Does VTune do assembly code simulation, ie Quexal?
I don't know if you are familiar with a product called Quexal, but it allows you to type in MMX/SSE assembly and it will analyze it for you and compute for each instruction the cycle time and make graphs to maximize parrellism, and speed.
I like how VTune looks as a profiler, but I was wondering if would also be able to do something like that? Or does intel have another product like this? Thanks, Brian
Looks like old VTune versions like 4.5 5.0 had the feature you are talking about but it was dropped. The reason is that this analysis is not very precise, once it does not take into account some factors like: -the data avalability(was the data in cache? in L1, L2 or not ) -branch mispredicitons -pipe flashing etc.
The real time events collection done by VTune can give you more realistic picture of the flow.
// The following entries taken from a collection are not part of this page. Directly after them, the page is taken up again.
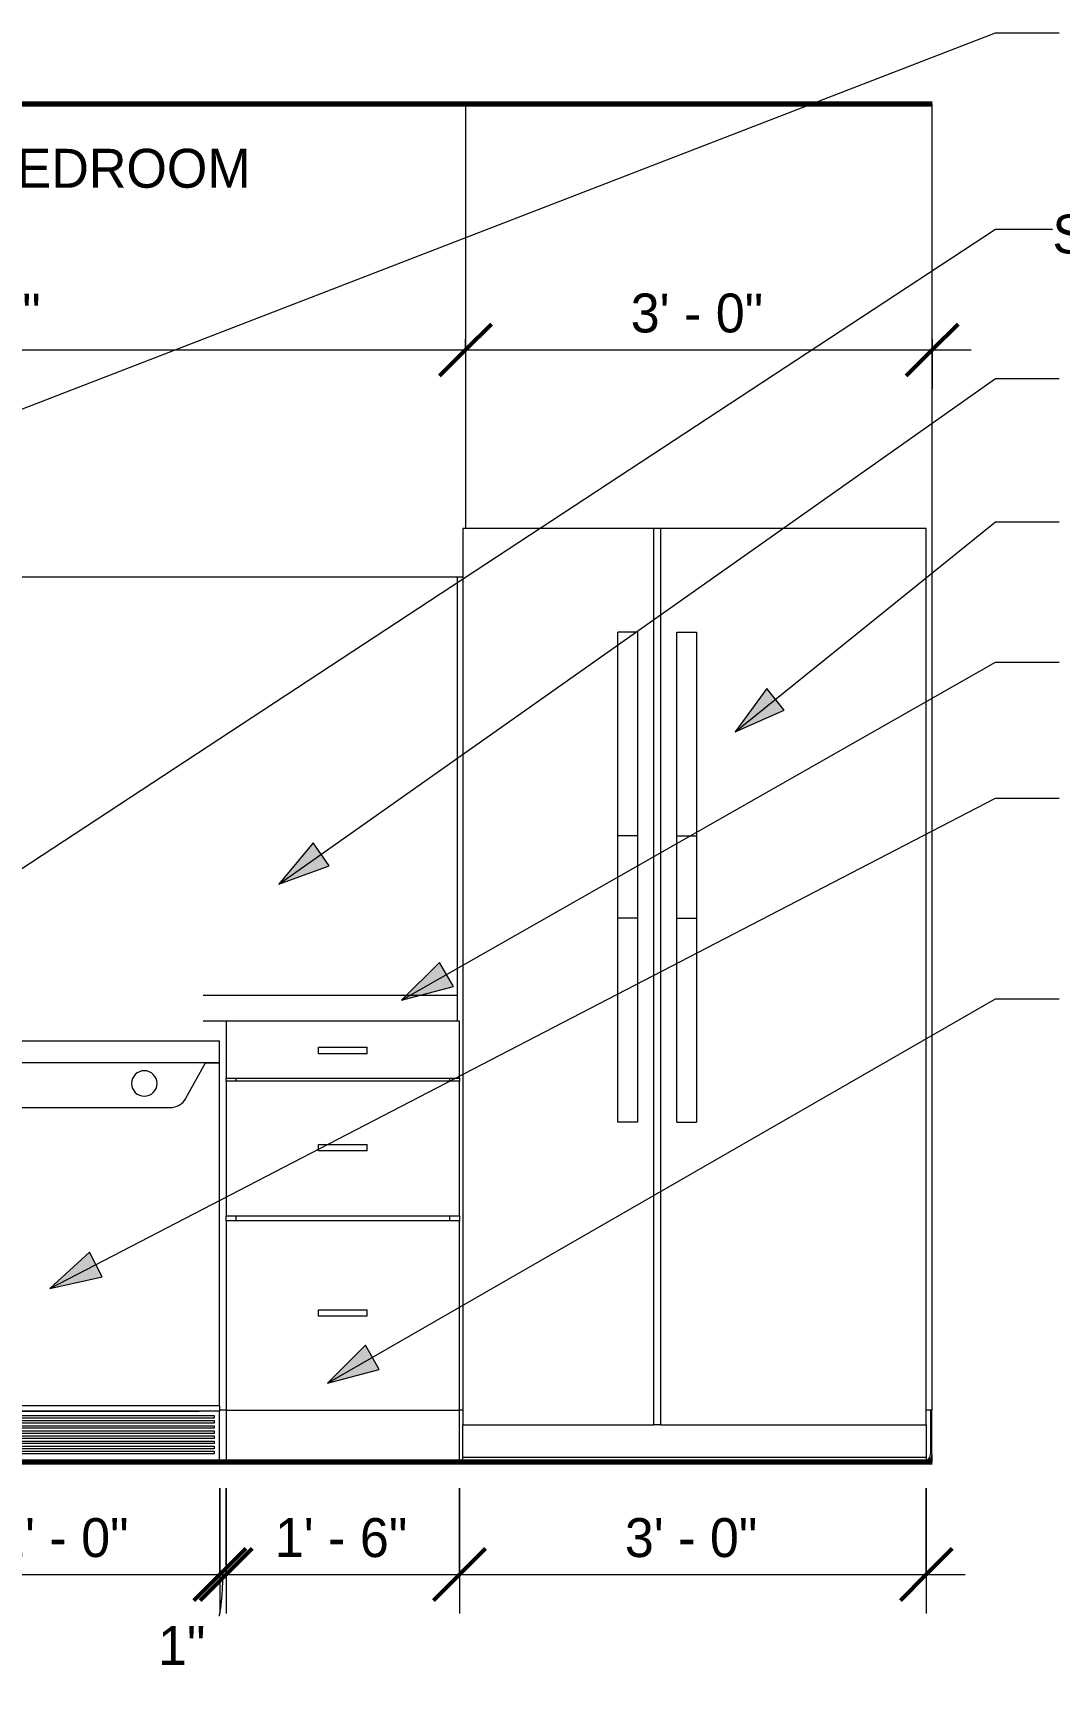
# Model space of a CAD drawing. Header units: inches. Extents: x -2718 to -922, y 119 to 10852.
# Drawn here: x -1066.4 to -987.2, y 119.4 to 246.2 of the extents above; entities that cross this region are included whole.
import ezdxf

# ---------------------------------------------------------------- set-up
doc = ezdxf.new("R2010")
doc.units = ezdxf.units.IN
doc.header["$MEASUREMENT"] = 0
for name, color, linetype, lineweight in [('0-4', 130, 'Continuous', 5), ('A-ANNO-DIMS', 211, 'Continuous', 9), ('A-ANNO-DIMS-32', 211, 'Continuous', 9), ('A-ANNO-NOTE', 131, 'Continuous', 9), ('A-FLOR-2', 10, 'Continuous', 70), ('A-WALL', 113, 'Continuous', 18), ('A-WALL-4', 113, 'Continuous', 9), ('G-ANNO-TEXT', 231, 'Continuous', 9), ('G-ANNO-TEXT-1', 147, 'Continuous', 20), ('Q-CASE', 31, 'Continuous', 9), ('Q-SPCQ', 91, 'Continuous', 9)]:
    doc.layers.add(name, color=color, linetype=linetype, lineweight=lineweight)
doc.styles.add('Century Gothic', font='ufonts.com_century-gothic.ttf', dxfattribs={"height": 3})
doc.dimstyles.new('OD_1__HACK_2', dxfattribs={"dimscale": 12, "dimtxt": 3.132505, "dimasz": 0.333333, "dimexe": 0.25, "dimexo": 0.166667, "dimgap": 0.041667, "dimtad": 1, "dimdec": 0, "dimzin": 3, "dimdsep": 46, "dimlunit": 4, "dimtxsty": 'Century Gothic', "dimblk1": 'OBLIQUE', "dimblk2": 'OBLIQUE', "dimsah": 1, "dimcen": 0.09, "dimdle": 0.25, "dimazin": 0, "dimtfac": 1, "dimtdec": 4, "dimtix": 1, "dimtmove": 0, "dimatfit": 3, "dimfxl": 1, "dimtvp": 1, "dimtfill": 1, "dimfrac": 2, "dimtolj": 1, "dimtzin": 0, "dimarcsym": 2})
doc.dimstyles.new('OD_1__HACK_2_1', dxfattribs={"dimscale": 12, "dimtxt": 3.132505, "dimasz": 0.333333, "dimexe": 0.25, "dimexo": 0.166667, "dimgap": 0.041667, "dimtad": 1, "dimdec": 0, "dimzin": 3, "dimdsep": 46, "dimlunit": 4, "dimtxsty": 'Century Gothic', "dimblk1": 'OBLIQUE', "dimblk2": 'OBLIQUE', "dimsah": 1, "dimcen": 0.09, "dimdle": 0.25, "dimazin": 0, "dimtfac": 1, "dimtdec": 4, "dimtix": 1, "dimtmove": 1, "dimatfit": 3, "dimfxl": 1, "dimtvp": 1, "dimtfill": 1, "dimfrac": 2, "dimtolj": 1, "dimtzin": 0, "dimarcsym": 2})

# ---------------------------------------------------------------- blocks, each defined once
blk = doc.blocks.new('CTR - 1st Phase - Shell_rvt-6-2ND _ 3RD FLOOR - STUDIO B - ADA TYPE B - KITCHEN SIDE WALL')
at = {"layer": 'A-FLOR-2'}
for p, q in [((-10547.46, 240.75), (-10397.48, 240.75)), ((-10397.48, 136), (-10547.46, 136))]:
    blk.add_line(p, q, dxfattribs=at)
blk = doc.blocks.new('Basic Wall _ INT - W4BØF - _5_8 GYP - 2X4 WOOD_BATT_ - 5_8 GYP_ - ___-2693809-2ND _ 3RD FLOOR - STUDIO B - ADA TYPE B - KITCHEN SIDE WALL')
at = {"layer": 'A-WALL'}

It will take into consideration all possible factors influencing your flow (e.g. other processes/threads using the same cache lines etc)and you can analyze and decide how to improve your application n in "real word", ot in "theoretical icubator" and simpe arithmetics.
Profile guided data collection is needed for anything which depends strongly on compile time knowledge about preferred branches.
I'm not sure what you mean about data availability. P4/Xeon compilation assumes that hardware prefetch will be effective. The vectorizer is beginning to do some loop splitting analysis which may help with data buffering.
The IA64 compilers, at -O3, schedule prefetch and do versioning to take care of bank conflicts. They don't look at preceding loops to see when prefetch isn't needed.